Constraint: ${\mathbf{lda}}\ge {\mathbf{n}}$.
5: $\mathbf{offdiag}\left({\mathbf{n}}\right)$Real (Kind=nag_wp) array Input
On entry: the array offdiag as returned by f01mdf.
6: $\mathbf{ipiv}\left({\mathbf{n}}\right)$Integer array Input
On entry: the array ipiv as returned by f01mdf.
7: $\mathbf{ifail}$Integer Input/Output
On entry: ifail must be set to $0$, $-1$ or $1$ to set behaviour on detection of an error; these values have no effect when no error is detected.
A value of $0$ causes the printing of an error message and program execution will be halted; otherwise program execution continues.

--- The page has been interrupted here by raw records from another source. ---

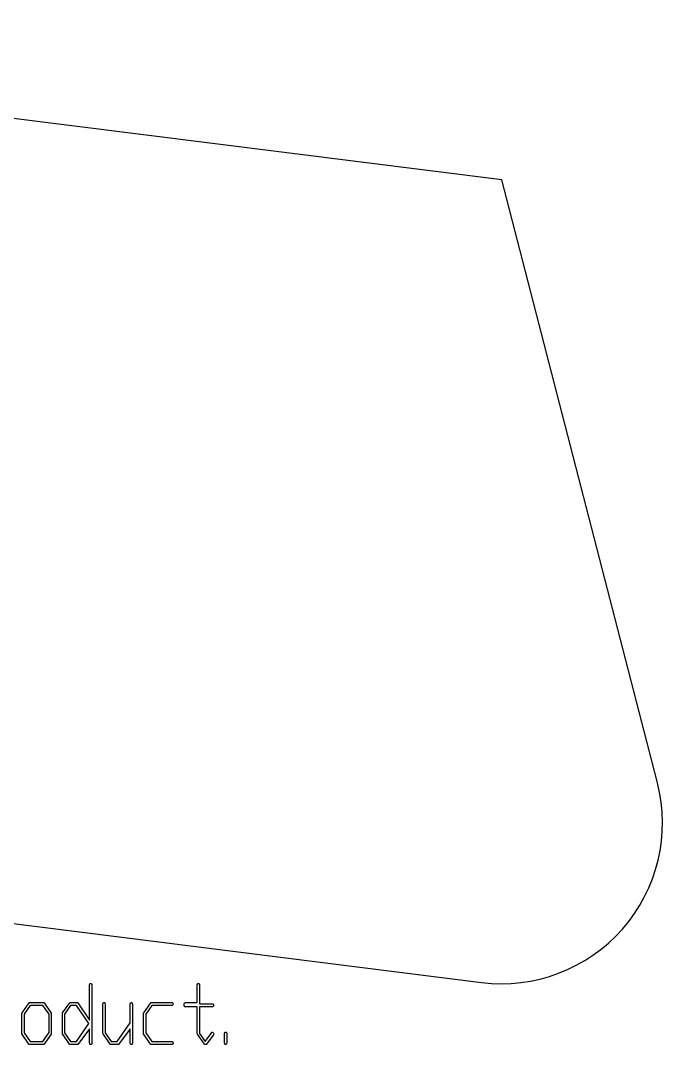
# Model space of a CAD drawing. Header units: millimetres. Extents: x -19355 to 19355, y -15837 to 11613.
# Drawn here: x 3902 to 19355, y -13078 to 11583 of the extents above; entities that cross this region are included whole.
import ezdxf

# ---------------------------------------------------------------- set-up
doc = ezdxf.new("R2010")
doc.units = ezdxf.units.MM

msp = doc.modelspace()

# ---------------------------------------------------------------- linework, layer by layer
at = {"color": 7, "linetype": 'Continuous'}
for p, q in [((15484, 7742), (-15000, 11583)), ((19232, -6774), (15484, 7742)), ((-15484, -7742), (15000, -11583))]:
    msp.add_line(p, q, dxfattribs=at)
at = {"color": 7, "linetype": 'Continuous', "flags": 128}
for points in [[(5612, -11616), (5616, -11623), (5618, -11634), (5620, -11648), (5620, -11665), (5620, -11665), (5620, -13047), (5620, -13047), (5617, -13060), (5611, -13070), (5604, -13077), (5593, -13078), (5593, -13078), (5583, -13076), (5574, -13069), (5569, -13056), (5567, -13037), (5567, -13037), (5567, -12697), (5567, -12697), (5282, -13077), (5282, -13077), (5272, -13078), (5272, -13078), (5093, -13078), (5093, -13078), (5085, -13070), (5085, -13070), (4911, -12824), (4911, -12824), (4910, -12804), (4910, -12804), (4910, -12327), (4910, -12327), (4916, -12313), (4916, -12313), (5090, -12071), (5090, -12071), (5104, -12067), (5104, -12067), (5275, -12069), (5275, -12069), (5286, -12075), (5286, -12075), (5567, -12489), (5567, -12489), (5567, -11632), (5567, -11632), (5570, -11622), (5575, -11614), (5580, -11609), (5586, -11605), (5586, -11605), (5602, -11608), (5612, -11616)], [(8204, -11617), (8207, -11625), (8210, -11636), (8211, -11651), (8212, -11670), (8212, -11670), (8212, -12102), (8212, -12102), (8531, -12102), (8531, -12102), (8539, -12107), (8545, -12113), (8549, -12121), (8552, -12132), (8552, -12132), (8550, -12147), (8543, -12160), (8538, -12166), (8529, -12170), (8519, -12172), (8506, -12173), (8506, -12173), (8212, -12173), (8212, -12173), (8212, -12811), (8212, -12811), (8351, -13002), (8351, -13002), (8506, -12790), (8506, -12790), (8513, -12785), (8521, -12784), (8521, -12784), (8531, -12786), (8542, -12795), (8549, -12808), (8552, -12825), (8552, -12825), (8549, -12843), (8549, -12843), (8370, -13075), (8370, -13075), (8364, -13078), (8354, -13078), (8354, -13078), (8343, -13078), (8343, -13078), (8333, -13067), (8333, -13067), (8160, -12830), (8160, -12830), (8158, -12811), (8158, -12811), (8158, -12173), (8158, -12173), (7862, -12173), (7862, -12173), (7856, -12172), (7851, -12167), (7847, -12159), (7843, -12148), (7843, -12148), (7840, -12133), (7839, -12120), (7839, -12120), (7841, -12101), (7846, -12083), (7852, -12076), (7860, -12071), (7871, -12068), (7886, -12067), (7886, -12067), (8158, -12067), (8158, -12067), (8158, -11633), (8158, -11633), (8161, -11622), (8166, -11614), (8171, -11609), (8179, -11605), (8179, -11605), (8194, -11608), (8204, -11617)], [(4471, -12077), (4641, -12323), (4641, -12323), (4644, -12341), (4644, -12341), (4644, -12816), (4644, -12816), (4638, -12832), (4638, -12832), (4465, -13077), (4465, -13077), (4451, -13078), (4451, -13078), (4115, -13078), (4115, -13078), (4107, -13070), (4107, -13070), (3935, -12824), (3935, -12824), (3934, -12804), (3934, -12804), (3934, -12327), (3934, -12327), (3939, -12313), (3939, -12313), (4112, -12071), (4112, -12071), (4121, -12067), (4121, -12067), (4461, -12069), (4461, -12069), (4471, -12077)], [(5931, -12078), (5935, -12085), (5937, -12096), (5939, -12110), (5940, -12128), (5940, -12128), (5940, -12798), (5940, -12798), (6087, -13007), (6087, -13007), (6229, -13007), (6229, -13007), (6543, -12560), (6543, -12560), (6543, -12097), (6543, -12097), (6546, -12087), (6551, -12078), (6557, -12072), (6565, -12067), (6565, -12067), (6576, -12069), (6589, -12077), (6589, -12077), (6592, -12084), (6594, -12095), (6596, -12109), (6596, -12127), (6596, -12127), (6596, -13046), (6596, -13046), (6593, -13060), (6588, -13070), (6580, -13077), (6570, -13078), (6570, -13078), (6559, -13076), (6551, -13069), (6545, -13056), (6543, -13037), (6543, -13037), (6543, -12697), (6543, -12697), (6258, -13077), (6258, -13077), (6248, -13078), (6248, -13078), (6069, -13078), (6069, -13078), (6061, -13070), (6061, -13070), (5889, -12824), (5889, -12824), (5886, -12804), (5886, -12804), (5886, -12093), (5886, -12093), (5889, -12084), (5894, -12077), (5899, -12071), (5907, -12067), (5907, -12067), (5921, -12069), (5931, -12078)], [(7557, -12068), (7568, -12076), (7574, -12089), (7574, -12089), (7573, -12109), (7570, -12124), (7570, -12124), (7565, -12130), (7558, -12134), (7550, -12137), (7540, -12138), (7540, -12138), (7063, -12138), (7063, -12138), (6916, -12350), (6916, -12350), (6916, -12795), (6916, -12795), (7063, -13007), (7063, -13007), (7552, -13007), (7552, -13007), (7558, -13009), (7564, -13013), (7568, -13019), (7572, -13026), (7572, -13026), (7575, -13035), (7576, -13043), (7576, -13043), (7574, -13055), (7569, -13067), (7565, -13072), (7560, -13075), (7552, -13078), (7543, -13078), (7543, -13078), (7044, -13078), (7044, -13078), (7035, -13070), (7035, -13070), (6863, -12824), (6863, -12824), (6863, -12804), (6863, -12804), (6864, -12327), (6864, -12327), (6870, -12313), (6870, -12313), (7042, -12071), (7042, -12071), (7050, -12067), (7050, -12067), (7557, -12068)], [(4591, -12351), (4443, -12138), (4443, -12138), (4135, -12138), (4135, -12138), (3987, -12349), (3987, -12349), (3987, -12794), (3987, -12794), (4135, -13007), (4135, -13007), (4443, -13007), (4443, -13007), (4591, -12792), (4591, -12792), (4591, -12351)], [(5550, -12573), (5251, -12138), (5251, -12138), (5110, -12138), (5110, -12138), (4963, -12349), (4963, -12349), (4963, -12794), (4963, -12794), (5110, -13007), (5110, -13007), (5250, -13007), (5250, -13007), (5550, -12573)], [(8861, -12787), (8864, -12794), (8866, -12804), (8868, -12818), (8868, -12834), (8868, -12834), (8868, -13048), (8868, -13048), (8864, -13062), (8855, -13075), (8855, -13075), (8850, -13077), (8842, -13078), (8842, -13078), (8830, -13076), (8822, -13070), (8819, -13065), (8817, -13057), (8816, -13048), (8815, -13036), (8815, -13036), (8815, -12804), (8815, -12804), (8818, -12792), (8823, -12783), (8830, -12778), (8838, -12777), (8838, -12777), (8851, -12779), (8861, -12787)]]:
    msp.add_lwpolyline(points, dxfattribs=at)
at = {"color": 7, "linetype": 'Continuous'}
msp.add_arc((15484, -7742), 3871, 262.8192, 14.4775, dxfattribs=at)

doc.saveas('drawing.dxf')
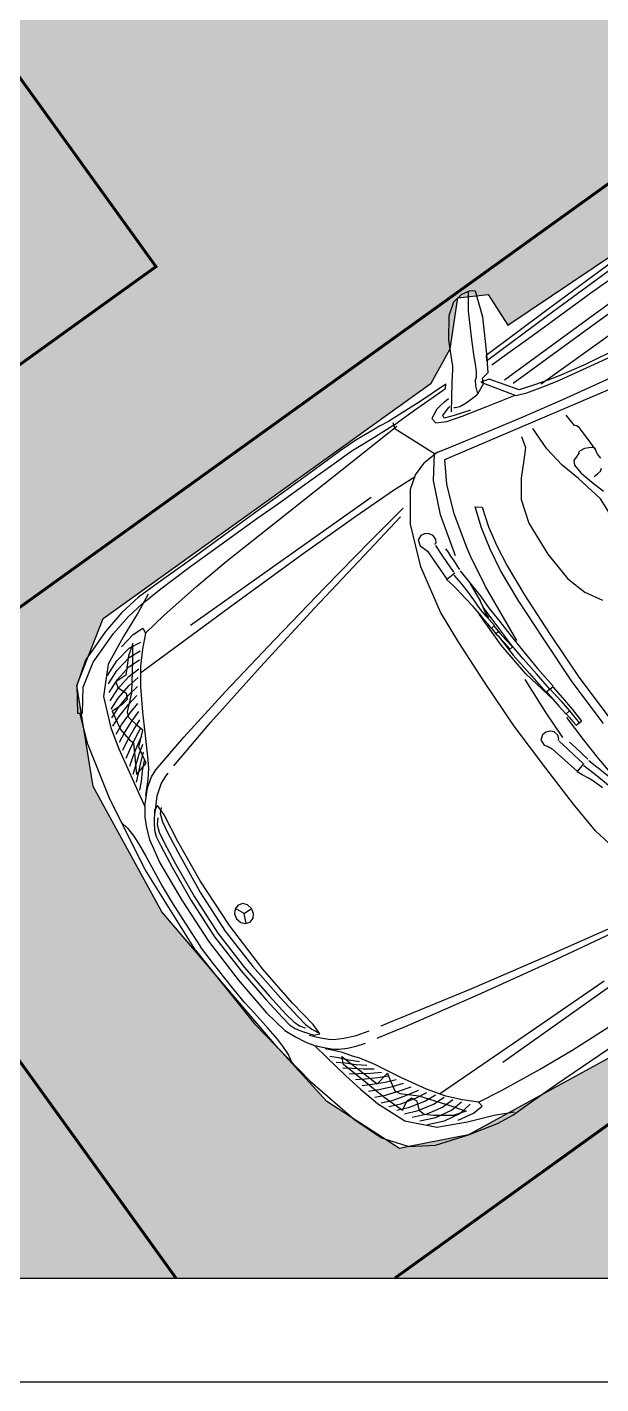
# Model space of a CAD drawing. Header units: millimetres. Extents: x 1904 to 2142, y -1319 to -1235.
# Drawn here: x 2113.16 to 2115.7, y -1251.85 to -1245.82 of the extents above; entities that cross this region are included whole.
import ezdxf

# ---------------------------------------------------------------- set-up
doc = ezdxf.new("R2010")
doc.units = ezdxf.units.MM
doc.header["$LTSCALE"] = 30
doc.layers.add('arquitetura', color=8, linetype='CONTINUOUS')

msp = doc.modelspace()

# ---------------------------------------------------------------- hatches: boundary and pattern name
at = {"layer": 'arquitetura'}
h = msp.add_hatch(dxfattribs=at)
h.set_pattern_fill('AR-HBONE', color=256, scale=0.046205, angle=90, style=0)
h.set_pattern_definition([(135, (2510.08072, -5234.78578), (-0.261376402, 2e-16), [0.55446308, -0.184821027]), (225, (2509.95004, -5234.65509), (-0.261376402, 2e-16), [0.55446308, -0.184821027])])
h.paths.add_polyline_path([(2107.5137, -1250.8005), (2107.1913, -1250.5923), (2106.9757, -1250.3553), (2106.4598, -1249.7496), (2106.1545, -1249.1943), (2106.0826, -1248.7459), (2106.1992, -1248.4489), (2107.655, -1247.403), (2107.738, -1247.2516), (2107.7722, -1247.0256), (2107.9074, -1247.0099), (2107.9946, -1247.1456), (2109.918, -1245.8529), (2110.6675, -1245.1711), (2111.26, -1244.9838), (2111.5412, -1244.8356), (2111.846, -1245.1961), (2112.2713, -1245.5664), (2112.6136, -1246.2381), (2112.8872, -1246.6933), (2112.8481, -1247.0958), (2112.0918, -1247.9386), (2110.7565, -1248.7177), (2108.9559, -1250.1192), (2107.8204, -1250.7402), (2107.5553, -1250.7921)], flags=16)
h.paths.add_polyline_path([(2114.8084, -1250.8005), (2114.486, -1250.5923), (2114.2704, -1250.3553), (2113.7545, -1249.7496), (2113.4492, -1249.1943), (2113.3773, -1248.7459), (2113.4938, -1248.4489), (2114.9496, -1247.403), (2115.0327, -1247.2516), (2115.0668, -1247.0256), (2115.2021, -1247.0099), (2115.2893, -1247.1456), (2117.2127, -1245.8529), (2117.9622, -1245.1711), (2118.5547, -1244.9838), (2118.8359, -1244.8356), (2119.1407, -1245.1961), (2119.566, -1245.5664), (2119.9082, -1246.2381), (2120.1819, -1246.6933), (2120.1428, -1247.0958), (2119.3864, -1247.9386), (2118.0512, -1248.7177), (2116.2506, -1250.1192), (2115.1151, -1250.7402), (2114.85, -1250.7921)], flags=16)
h.paths.add_polyline_path([(2112.5546, -1251.8376), (2112.5546, -1251.3755), (2131.0367, -1251.3755), (2131.0367, -1244.3163), (2104.8739, -1244.2907), (2104.8739, -1251.8376)])

# ---------------------------------------------------------------- linework, layer by layer
for p, q in [((2132.0378, -1251.8376), (2106.9531, -1251.8376)), ((2121.7957, -1251.8376), (2114.0948, -1251.8376))]:
    msp.add_line(p, q, dxfattribs=at)
at = {"layer": 'arquitetura', "linetype": 'Continuous'}
msp.add_line((2121.7957, -1251.8376), (2112.5546, -1251.8376), dxfattribs=at)
at = {"layer": 'arquitetura', "const_width": 0.0128}
msp.add_lwpolyline([(2104.8739, -1249.0865), (2106.8538, -1251.8362), (2113.7282, -1246.8864), (2111.7483, -1244.1367)], close=True, dxfattribs=at)
msp.add_lwpolyline([(2114.7884, -1251.3755), (2121.0229, -1246.8864), (2119.043, -1244.1367), (2112.1686, -1249.0865), (2113.8168, -1251.3755)], dxfattribs=at)
at = {"layer": 'arquitetura'}
for points in [[(2114.8084, -1250.8005), (2114.486, -1250.5923), (2114.2704, -1250.3553), (2113.7545, -1249.7496), (2113.4492, -1249.1943), (2113.3773, -1248.7459), (2113.4938, -1248.4489), (2114.9496, -1247.403), (2115.0327, -1247.2516), (2115.0668, -1247.0256), (2115.2021, -1247.0099), (2115.2893, -1247.1456), (2117.2127, -1245.8529), (2117.9622, -1245.1711)], [(2119.566, -1245.5664), (2119.9082, -1246.2381), (2120.1819, -1246.6933), (2120.1428, -1247.0958), (2119.3864, -1247.9386), (2118.0512, -1248.7177), (2116.2506, -1250.1192), (2115.1151, -1250.7402), (2114.85, -1250.7921), (2114.8084, -1250.8005)], [(2115.7832, -1246.8422), (2115.4616, -1247.0798)], [(2115.4653, -1247.1027), (2115.7913, -1246.8642)], [(2115.6581, -1247.0031), (2115.8802, -1246.8454)], [(2115.6754, -1247.0964), (2115.9685, -1246.8825)], [(2115.6837, -1247.1323), (2115.9582, -1246.934)], [(2115.0283, -1247.1029), (2115.049, -1247.042)], [(2115.049, -1247.042), (2115.0847, -1247.0091)], [(2115.0847, -1247.0091), (2115.1184, -1246.9936)], [(2115.1153, -1247.0834), (2115.1144, -1246.9947)], [(2115.1184, -1246.9936), (2115.1377, -1246.992)], [(2115.1377, -1246.992), (2115.1438, -1246.9938)], [(2115.1438, -1246.9938), (2115.1773, -1247.1087)], [(2115.4353, -1247.165), (2115.6581, -1247.0031)], [(2115.0275, -1247.2133), (2115.0283, -1247.1029)], [(2115.129, -1247.2096), (2115.1153, -1247.0834)], [(2115.4616, -1247.0798), (2115.1928, -1247.2812)], [(2115.1946, -1247.3044), (2115.4653, -1247.1027)], [(2115.2749, -1247.3892), (2115.6754, -1247.0964)], [(2115.1773, -1247.1087), (2115.1948, -1247.2735)], [(2115.3132, -1247.4033), (2115.6837, -1247.1323)], [(2115.3556, -1247.2234), (2115.4353, -1247.165)], [(2115.4371, -1247.4069), (2115.8537, -1247.1075)], [(2115.0327, -1247.2516), (2115.0275, -1247.2133)], [(2115.1396, -1247.287), (2115.129, -1247.2096)], [(2115.2893, -1247.2708), (2115.3556, -1247.2234)], [(2115.0408, -1247.3022), (2115.0327, -1247.2516)], [(2115.1452, -1247.3184), (2115.1396, -1247.287)], [(2115.1928, -1247.2812), (2115.1946, -1247.3044)], [(2115.1948, -1247.2735), (2115.1998, -1247.3576)], [(2115.2188, -1247.3219), (2115.2893, -1247.2708)], [(2115.5186, -1247.3908), (2115.8121, -1247.2559)], [(2115.7899, -1247.2432), (2115.6263, -1247.3234)], [(2115.0451, -1247.3274), (2115.0408, -1247.3022)], [(2115.0429, -1247.4015), (2115.0446, -1247.3418)], [(2115.0446, -1247.3418), (2115.0451, -1247.3274)], [(2115.1505, -1247.3538), (2115.1452, -1247.3184)], [(2115.6263, -1247.3234), (2115.5164, -1247.3716)], [(2115.0143, -1247.4078), (2114.8995, -1247.4849)], [(2115.0126, -1247.4272), (2115.0143, -1247.4078)], [(2115.0397, -1247.5311), (2115.0429, -1247.4015)], [(2115.1459, -1247.391), (2115.1498, -1247.3764)], [(2115.1472, -1247.4152), (2115.1459, -1247.391)], [(2115.1498, -1247.3764), (2115.1505, -1247.3538)], [(2115.1565, -1247.4516), (2115.1816, -1247.4071)], [(2115.2061, -1247.3853), (2115.1697, -1247.3995)], [(2115.1697, -1247.3995), (2115.325, -1247.4584)], [(2115.1998, -1247.3576), (2115.1763, -1247.3809)], [(2115.1816, -1247.4071), (2115.1763, -1247.3809)], [(2115.3391, -1247.4328), (2115.2061, -1247.3853)], [(2115.4716, -1247.3889), (2115.4074, -1247.4117)], [(2115.4567, -1247.4154), (2115.5186, -1247.3908)], [(2115.5164, -1247.3716), (2115.4716, -1247.3889)], [(2115.5333, -1247.4756), (2115.7449, -1247.3801)], [(2114.8748, -1247.5233), (2115.0126, -1247.4272)], [(2115.0091, -1247.7421), (2115.7451, -1247.4295)], [(2115.133, -1247.4707), (2115.1505, -1247.4567)], [(2115.1565, -1247.4516), (2115.1472, -1247.4152)], [(2115.1505, -1247.4567), (2115.1565, -1247.4516)], [(2115.1966, -1247.5068), (2115.3218, -1247.4567)], [(2115.325, -1247.4584), (2115.3739, -1247.4463)], [(2115.4074, -1247.4117), (2115.3391, -1247.4328)], [(2115.3739, -1247.4463), (2115.4567, -1247.4154)], [(2114.8051, -1247.5736), (2114.8748, -1247.5233)], [(2114.8995, -1247.4849), (2114.8198, -1247.536)], [(2114.9737, -1247.5192), (2114.9526, -1247.561)], [(2114.9737, -1247.5192), (2114.9907, -1247.5031)], [(2114.9907, -1247.5031), (2115.0083, -1247.4871)], [(2115.0001, -1247.547), (2115.0165, -1247.5252)], [(2115.0083, -1247.4871), (2115.0265, -1247.4711)], [(2115.0165, -1247.5252), (2115.0279, -1247.5121)], [(2115.0279, -1247.5121), (2115.0322, -1247.5077)], [(2115.0489, -1247.5112), (2115.0561, -1247.5114)], [(2115.1231, -1247.5231), (2115.0513, -1247.5472)], [(2115.0561, -1247.5114), (2115.0756, -1247.5071)], [(2115.0756, -1247.5071), (2115.1049, -1247.4915)], [(2115.0867, -1247.5495), (2115.1966, -1247.5068)], [(2115.1049, -1247.4915), (2115.133, -1247.4707)], [(2115.3598, -1247.5517), (2115.5333, -1247.4756)], [(2114.7593, -1247.5732), (2114.72, -1247.5952)], [(2114.7802, -1247.5612), (2114.7593, -1247.5732)], [(2114.7786, -1247.5776), (2114.7877, -1247.6045)], [(2114.8198, -1247.536), (2114.7802, -1247.5612)], [(2114.7833, -1247.5895), (2114.7858, -1247.588)], [(2114.7858, -1247.588), (2114.8051, -1247.5736)], [(2114.9526, -1247.561), (2114.9696, -1247.5795)], [(2114.9696, -1247.5795), (2115.019, -1247.5736)], [(2115.0061, -1247.5585), (2115.0001, -1247.547)], [(2115.0513, -1247.5472), (2115.0061, -1247.5585)], [(2115.019, -1247.5736), (2115.0867, -1247.5495)], [(2115.2048, -1247.6166), (2115.3598, -1247.5517)], [(2115.5855, -1247.5909), (2115.5486, -1247.5462)], [(2114.5962, -1247.7536), (2114.7969, -1247.5947)], [(2114.6748, -1247.6204), (2114.6154, -1247.657)], [(2114.72, -1247.5952), (2114.6748, -1247.6204)], [(2114.6875, -1247.6497), (2114.7786, -1247.5909)], [(2114.7786, -1247.5909), (2114.7809, -1247.5904)], [(2114.7809, -1247.5904), (2114.7833, -1247.5895)], [(2114.7877, -1247.6045), (2114.9636, -1247.7162)], [(2115.0402, -1247.6847), (2115.2048, -1247.6166)], [(2115.3495, -1247.6409), (2115.3678, -1247.6895)], [(2115.4628, -1247.6944), (2115.3997, -1247.6055)], [(2115.5883, -1247.591), (2115.5855, -1247.5909)], [(2115.5954, -1247.5931), (2115.5883, -1247.591)], [(2115.605, -1247.6003), (2115.5954, -1247.5931)], [(2115.6194, -1247.6175), (2115.605, -1247.6003)], [(2115.6432, -1247.6494), (2115.6194, -1247.6175)], [(2114.5447, -1247.7046), (2114.4929, -1247.7426)], [(2114.508, -1247.7671), (2114.5966, -1247.7044)], [(2114.6154, -1247.657), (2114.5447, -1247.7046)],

A value of $-1$ means that an error message is printed while a value of $1$ means that it is not.
If halting is not appropriate, the value $-1$ or $1$ is recommended. If message printing is undesirable, then the value $1$ is recommended. Otherwise, the value $0$ is recommended. When the value $-\mathbf{1}$ or $\mathbf{1}$ is used it is essential to test the value of ifail on exit.
On exit: ${\mathbf{ifail}}={\mathbf{0}}$ unless the routine detects an error or a warning has been flagged (see Section 6).

## 6Error Indicators and Warnings

If on entry ${\mathbf{ifail}}=0$ or $-1$, explanatory error messages are output on the current error message unit (as defined by x04aaf).
Errors or warnings detected by the routine:
${\mathbf{ifail}}=1$
On entry, ${\mathbf{uplo}}=⟨\mathit{\text{value}}⟩$.
Constraint: ${\mathbf{uplo}}=\text{'U'}$ or $\text{'L'}$.
${\mathbf{ifail}}=2$
On entry, ${\mathbf{n}}=⟨\mathit{\text{value}}⟩$.
Constraint: ${\mathbf{n}}>0$.
${\mathbf{ifail}}=3$
On entry, ${\mathbf{lda}}=⟨\mathit{\text{value}}⟩$ and ${\mathbf{n}}=⟨\mathit{\text{value}}⟩$.
Constraint: ${\mathbf{lda}}\ge {\mathbf{n}}$.
${\mathbf{ifail}}=-99$
See Section 7 in the Introduction to the NAG Library FL Interface for further information.
${\mathbf{ifail}}=-399$
Your licence key may have expired or may not have been installed correctly.
See Section 8 in the Introduction to the NAG Library FL Interface for further information.
${\mathbf{ifail}}=-999$
Dynamic memory allocation failed.
See Section 9 in the Introduction to the NAG Library FL Interface for further information.

## 7Accuracy

See Section 7 in f01mdf for an indication of the accuracy of the computed factors $L$, $U$, and $D$.

## 8Parallelism and Performance

Arrays are internally allocated by f01mef. The total size of these arrays does not exceed ${n}^{2}$ real elements. All allocated memory is freed before return of f01mef.